In a statement, Meg Hillier MP, chair of the Committee of Public Accounts, said: “The costs of clinical negligence claims are spiralling at a time of immense financial pressures on our National Health Service, taking scarce resources away from frontline services and patients.
“The Department of Health and Ministry of Justice have been too slow to work together to turn the tide, with actions to save £90m a year by 2020-21 a drop in the ocean in the face of forecast costs of £3.2bn a year by 2021. We need government to take a good hard look at the financial and personal costs of clinical negligence.”
However, speaking to Solicitors Journal, James Bell, a partner at Hodge Jones & Allen, said: “The NAO have approached this issue with a narrow focus and seem to have air-brushed out of history the recommendations it made to the NHS to reduce clinical incidents in 2001, preferring instead to give the organisation a clean bill of health. The reality is that little or no progress has been made by the NHS to bring down the cost or number of claims.
“The continued focus on claimant lawyers as a solution for all the NHS’s financial ills is misguided and disproportionate. Lawyers’ fees are already tightly controlled, capped, and limited due to recent reforms; they have to be ‘reasonable and proportionate’ before they are paid and the courts rightly already hold the power to reduce any bill found to be excessive.
“Delays caused by trusts and NHS Resolution can be unrelenting and are hugely distressing to clients. Often legal bills are massively increased as a result of the NHS’s failure to admit fault at an early stage and the way it conducts cases.

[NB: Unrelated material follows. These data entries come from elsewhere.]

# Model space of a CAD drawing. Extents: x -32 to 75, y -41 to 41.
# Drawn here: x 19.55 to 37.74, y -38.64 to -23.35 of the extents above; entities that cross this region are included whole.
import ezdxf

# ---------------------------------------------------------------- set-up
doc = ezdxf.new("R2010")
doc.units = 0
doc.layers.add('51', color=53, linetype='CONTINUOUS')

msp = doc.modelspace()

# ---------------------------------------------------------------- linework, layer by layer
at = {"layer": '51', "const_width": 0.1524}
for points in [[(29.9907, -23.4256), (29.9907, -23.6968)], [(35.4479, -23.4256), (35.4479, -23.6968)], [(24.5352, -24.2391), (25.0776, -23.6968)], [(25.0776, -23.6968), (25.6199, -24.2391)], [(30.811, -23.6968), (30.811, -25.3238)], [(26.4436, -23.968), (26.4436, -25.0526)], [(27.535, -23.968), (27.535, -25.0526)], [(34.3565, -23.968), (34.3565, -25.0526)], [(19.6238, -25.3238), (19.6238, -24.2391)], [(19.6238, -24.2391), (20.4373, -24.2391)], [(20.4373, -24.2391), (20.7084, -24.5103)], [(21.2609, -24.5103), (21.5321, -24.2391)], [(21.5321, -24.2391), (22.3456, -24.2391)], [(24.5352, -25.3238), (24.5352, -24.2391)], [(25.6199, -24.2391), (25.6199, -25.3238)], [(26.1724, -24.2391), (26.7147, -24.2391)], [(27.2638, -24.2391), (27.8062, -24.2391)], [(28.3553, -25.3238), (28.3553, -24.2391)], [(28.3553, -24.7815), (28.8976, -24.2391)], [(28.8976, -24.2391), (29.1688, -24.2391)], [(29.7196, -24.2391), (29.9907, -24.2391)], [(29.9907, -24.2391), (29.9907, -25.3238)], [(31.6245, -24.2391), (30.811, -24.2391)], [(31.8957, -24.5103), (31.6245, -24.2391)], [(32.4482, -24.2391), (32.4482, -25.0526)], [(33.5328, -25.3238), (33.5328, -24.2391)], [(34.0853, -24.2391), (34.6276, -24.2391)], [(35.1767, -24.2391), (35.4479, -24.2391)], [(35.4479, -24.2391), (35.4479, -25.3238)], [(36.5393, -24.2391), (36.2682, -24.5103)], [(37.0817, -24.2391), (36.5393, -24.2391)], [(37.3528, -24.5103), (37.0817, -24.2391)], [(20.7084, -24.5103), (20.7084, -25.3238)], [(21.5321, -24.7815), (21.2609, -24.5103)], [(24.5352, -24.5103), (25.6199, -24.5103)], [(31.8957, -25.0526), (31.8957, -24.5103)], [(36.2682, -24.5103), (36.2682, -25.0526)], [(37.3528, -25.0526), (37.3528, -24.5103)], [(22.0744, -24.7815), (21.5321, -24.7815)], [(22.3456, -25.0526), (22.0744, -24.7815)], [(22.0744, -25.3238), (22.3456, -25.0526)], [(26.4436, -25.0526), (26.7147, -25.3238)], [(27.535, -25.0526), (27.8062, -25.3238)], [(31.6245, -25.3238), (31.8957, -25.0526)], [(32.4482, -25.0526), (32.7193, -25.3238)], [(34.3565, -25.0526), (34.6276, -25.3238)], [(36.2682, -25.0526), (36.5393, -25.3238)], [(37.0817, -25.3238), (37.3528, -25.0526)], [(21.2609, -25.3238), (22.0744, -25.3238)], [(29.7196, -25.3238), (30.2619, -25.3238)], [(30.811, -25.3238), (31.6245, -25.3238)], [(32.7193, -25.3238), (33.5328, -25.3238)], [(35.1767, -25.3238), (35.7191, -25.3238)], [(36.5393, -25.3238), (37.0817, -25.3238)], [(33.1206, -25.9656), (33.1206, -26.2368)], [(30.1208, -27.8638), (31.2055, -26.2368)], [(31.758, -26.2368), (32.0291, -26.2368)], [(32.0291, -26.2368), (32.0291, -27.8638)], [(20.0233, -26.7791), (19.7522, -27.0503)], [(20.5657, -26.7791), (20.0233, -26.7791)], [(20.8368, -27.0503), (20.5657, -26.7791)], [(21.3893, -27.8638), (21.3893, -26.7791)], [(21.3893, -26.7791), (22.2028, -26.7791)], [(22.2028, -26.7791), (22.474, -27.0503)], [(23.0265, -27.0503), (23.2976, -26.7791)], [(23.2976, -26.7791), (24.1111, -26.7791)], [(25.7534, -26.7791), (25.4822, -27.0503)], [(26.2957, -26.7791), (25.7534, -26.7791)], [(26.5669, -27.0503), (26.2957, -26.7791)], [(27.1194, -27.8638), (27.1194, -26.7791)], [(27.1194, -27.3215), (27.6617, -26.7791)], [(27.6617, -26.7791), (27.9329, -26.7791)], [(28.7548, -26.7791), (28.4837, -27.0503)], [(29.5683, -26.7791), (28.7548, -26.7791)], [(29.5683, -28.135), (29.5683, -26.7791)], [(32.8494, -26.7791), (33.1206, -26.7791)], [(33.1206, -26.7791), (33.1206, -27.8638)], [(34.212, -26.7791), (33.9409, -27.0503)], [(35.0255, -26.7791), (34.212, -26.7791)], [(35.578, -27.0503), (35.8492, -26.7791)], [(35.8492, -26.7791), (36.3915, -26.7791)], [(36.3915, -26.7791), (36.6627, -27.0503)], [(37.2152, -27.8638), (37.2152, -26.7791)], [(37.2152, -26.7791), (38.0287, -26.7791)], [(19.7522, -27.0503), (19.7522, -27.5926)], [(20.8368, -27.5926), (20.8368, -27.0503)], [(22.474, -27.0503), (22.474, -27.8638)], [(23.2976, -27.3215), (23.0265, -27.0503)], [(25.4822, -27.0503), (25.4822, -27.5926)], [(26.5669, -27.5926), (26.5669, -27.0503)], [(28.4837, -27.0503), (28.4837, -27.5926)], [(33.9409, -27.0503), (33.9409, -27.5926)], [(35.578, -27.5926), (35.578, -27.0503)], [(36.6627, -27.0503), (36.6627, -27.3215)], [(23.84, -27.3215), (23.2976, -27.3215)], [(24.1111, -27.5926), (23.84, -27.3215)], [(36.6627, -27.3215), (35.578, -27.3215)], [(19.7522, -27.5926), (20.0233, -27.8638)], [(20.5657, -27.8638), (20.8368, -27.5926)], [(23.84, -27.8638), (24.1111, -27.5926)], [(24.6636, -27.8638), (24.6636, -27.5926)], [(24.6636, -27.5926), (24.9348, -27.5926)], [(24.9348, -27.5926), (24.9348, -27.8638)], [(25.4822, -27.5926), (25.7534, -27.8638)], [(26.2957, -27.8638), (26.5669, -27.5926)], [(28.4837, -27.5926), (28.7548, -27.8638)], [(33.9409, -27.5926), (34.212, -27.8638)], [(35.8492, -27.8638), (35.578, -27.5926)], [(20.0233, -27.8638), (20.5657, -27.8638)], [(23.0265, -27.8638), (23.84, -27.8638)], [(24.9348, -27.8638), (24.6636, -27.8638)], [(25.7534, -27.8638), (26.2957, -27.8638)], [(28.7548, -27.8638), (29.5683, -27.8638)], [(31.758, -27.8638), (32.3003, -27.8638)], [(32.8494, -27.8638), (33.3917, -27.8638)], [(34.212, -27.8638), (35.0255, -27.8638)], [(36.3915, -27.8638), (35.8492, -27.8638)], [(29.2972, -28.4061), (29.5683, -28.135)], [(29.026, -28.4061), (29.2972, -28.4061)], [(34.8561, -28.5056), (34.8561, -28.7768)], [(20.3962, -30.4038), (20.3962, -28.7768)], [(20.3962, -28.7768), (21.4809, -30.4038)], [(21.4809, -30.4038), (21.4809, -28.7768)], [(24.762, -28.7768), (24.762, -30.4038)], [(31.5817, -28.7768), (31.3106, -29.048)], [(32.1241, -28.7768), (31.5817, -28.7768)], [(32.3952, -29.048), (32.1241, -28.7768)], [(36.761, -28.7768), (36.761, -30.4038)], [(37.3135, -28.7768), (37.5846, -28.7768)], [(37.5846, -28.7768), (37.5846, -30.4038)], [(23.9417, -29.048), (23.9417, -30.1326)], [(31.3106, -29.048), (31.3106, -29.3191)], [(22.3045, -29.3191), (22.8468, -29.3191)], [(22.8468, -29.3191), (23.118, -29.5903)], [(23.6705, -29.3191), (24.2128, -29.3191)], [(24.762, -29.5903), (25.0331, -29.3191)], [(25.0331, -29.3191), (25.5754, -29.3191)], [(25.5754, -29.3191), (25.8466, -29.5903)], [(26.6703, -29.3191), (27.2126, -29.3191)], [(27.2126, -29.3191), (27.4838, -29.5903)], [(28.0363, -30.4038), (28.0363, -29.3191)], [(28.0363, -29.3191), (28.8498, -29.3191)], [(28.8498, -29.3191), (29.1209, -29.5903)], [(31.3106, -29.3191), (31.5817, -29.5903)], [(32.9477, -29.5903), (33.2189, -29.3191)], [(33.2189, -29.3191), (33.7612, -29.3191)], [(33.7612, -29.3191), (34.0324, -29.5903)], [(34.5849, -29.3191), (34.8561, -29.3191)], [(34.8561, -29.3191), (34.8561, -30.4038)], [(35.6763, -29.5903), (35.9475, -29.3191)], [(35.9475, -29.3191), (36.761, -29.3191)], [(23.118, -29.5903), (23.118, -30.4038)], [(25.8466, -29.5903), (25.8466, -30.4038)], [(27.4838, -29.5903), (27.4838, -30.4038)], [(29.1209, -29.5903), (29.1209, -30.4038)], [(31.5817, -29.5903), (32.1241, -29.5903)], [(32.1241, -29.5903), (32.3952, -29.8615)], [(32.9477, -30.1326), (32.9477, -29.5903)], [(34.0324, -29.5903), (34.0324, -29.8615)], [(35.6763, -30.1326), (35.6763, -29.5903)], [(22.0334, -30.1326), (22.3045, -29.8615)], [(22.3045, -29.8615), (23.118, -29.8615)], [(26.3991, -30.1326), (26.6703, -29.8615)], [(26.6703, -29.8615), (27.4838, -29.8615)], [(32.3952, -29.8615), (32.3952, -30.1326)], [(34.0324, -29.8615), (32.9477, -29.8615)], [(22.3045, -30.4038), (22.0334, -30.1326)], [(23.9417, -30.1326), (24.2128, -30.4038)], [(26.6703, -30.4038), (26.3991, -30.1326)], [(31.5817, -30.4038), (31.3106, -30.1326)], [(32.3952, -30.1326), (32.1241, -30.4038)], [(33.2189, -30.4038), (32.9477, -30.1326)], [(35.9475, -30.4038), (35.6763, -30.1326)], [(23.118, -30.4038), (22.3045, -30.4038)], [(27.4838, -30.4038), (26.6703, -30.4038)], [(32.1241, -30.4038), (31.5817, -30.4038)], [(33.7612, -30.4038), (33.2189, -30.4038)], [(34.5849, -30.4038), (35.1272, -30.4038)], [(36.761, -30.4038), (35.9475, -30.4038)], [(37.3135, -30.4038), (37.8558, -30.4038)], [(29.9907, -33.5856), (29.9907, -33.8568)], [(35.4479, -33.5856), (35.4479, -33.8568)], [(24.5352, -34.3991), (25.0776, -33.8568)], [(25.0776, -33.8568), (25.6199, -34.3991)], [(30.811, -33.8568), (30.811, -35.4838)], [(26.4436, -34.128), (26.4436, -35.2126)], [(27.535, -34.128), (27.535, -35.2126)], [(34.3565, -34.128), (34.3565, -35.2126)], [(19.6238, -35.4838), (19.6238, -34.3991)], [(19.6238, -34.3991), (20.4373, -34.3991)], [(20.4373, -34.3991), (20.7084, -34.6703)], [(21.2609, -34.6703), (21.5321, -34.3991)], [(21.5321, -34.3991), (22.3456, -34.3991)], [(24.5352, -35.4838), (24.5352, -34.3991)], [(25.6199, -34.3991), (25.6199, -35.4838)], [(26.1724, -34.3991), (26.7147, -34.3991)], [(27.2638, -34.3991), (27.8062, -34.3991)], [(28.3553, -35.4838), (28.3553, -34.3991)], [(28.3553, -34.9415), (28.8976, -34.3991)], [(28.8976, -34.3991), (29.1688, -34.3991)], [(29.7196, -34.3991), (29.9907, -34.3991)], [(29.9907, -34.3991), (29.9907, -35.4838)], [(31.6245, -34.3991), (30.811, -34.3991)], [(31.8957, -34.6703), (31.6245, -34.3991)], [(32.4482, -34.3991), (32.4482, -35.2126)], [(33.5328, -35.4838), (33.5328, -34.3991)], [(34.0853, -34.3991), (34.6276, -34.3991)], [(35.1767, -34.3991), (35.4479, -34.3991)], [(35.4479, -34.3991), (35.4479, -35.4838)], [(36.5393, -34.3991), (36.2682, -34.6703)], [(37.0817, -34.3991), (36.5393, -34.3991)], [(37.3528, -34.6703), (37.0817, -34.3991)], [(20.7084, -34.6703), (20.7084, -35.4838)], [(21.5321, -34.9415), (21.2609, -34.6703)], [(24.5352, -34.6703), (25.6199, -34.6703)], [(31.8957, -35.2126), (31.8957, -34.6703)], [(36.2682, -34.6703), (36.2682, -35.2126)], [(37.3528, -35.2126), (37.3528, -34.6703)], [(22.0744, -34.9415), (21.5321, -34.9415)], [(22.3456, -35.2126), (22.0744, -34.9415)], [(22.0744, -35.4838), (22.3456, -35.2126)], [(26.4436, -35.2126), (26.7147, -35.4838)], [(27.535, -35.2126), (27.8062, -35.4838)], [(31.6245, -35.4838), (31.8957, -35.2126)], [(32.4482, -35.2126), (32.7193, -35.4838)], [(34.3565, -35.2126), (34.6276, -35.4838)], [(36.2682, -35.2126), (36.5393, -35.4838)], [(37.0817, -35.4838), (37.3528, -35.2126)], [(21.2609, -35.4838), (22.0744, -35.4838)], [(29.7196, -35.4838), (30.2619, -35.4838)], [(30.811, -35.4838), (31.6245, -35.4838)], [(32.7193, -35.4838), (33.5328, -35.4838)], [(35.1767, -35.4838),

“While the narrative remains solely on claimant lawyers, nothing will change. The NAO has failed patients with this report.”
Also reacting to the report, president Brett Dixon, president of the Association of Personal Injury Lawyers, said: “We are just starting to see the impact of cuts to legal costs which will continue to streamline claimant costs significantly. But more savings could be made with cooperation on both sides to avoid unnecessary delays and additional work, rather than simply slashing claimant lawyers’ costs further or denying injured patients full compensation. In cases where fixed costs could be workable, the costs should be set to reflect a better procedure.
“Meanwhile, the NHS needs to put its house in order. 39 per cent of negligence claims are the result of harm caused by needless delays in diagnosis or treatment and more than twice a week someone has a foreign object left inside of them, including broken drill bits, surgical needles, swabs, and bags used for the retrieval of specimen. Let’s not forget that the overriding concern here should be the cost in human misery.”
The NAO has recommended that by September 2018 the DoH and MoJ clearly set out a coordinated strategy to manage the growth in the clinical negligence costs.
The strategy should, the report says, identify the balance the government will strike between access to justice and access to health services, and what is a proportionate response to harm.
The NAO also calls on NHS Resolution to promote better and more consistent data for complaints, incidents, and clinical negligence claims across the system and build its capability to analyse and provide greater insights on the causes of claims.
It should also work with trusts and the claimant law firms to better understand what motivates people to make a claim, and work more closely with the Solicitors Regulation Authority to “share information about trends and lessons learned from cases where costs have been challenged”.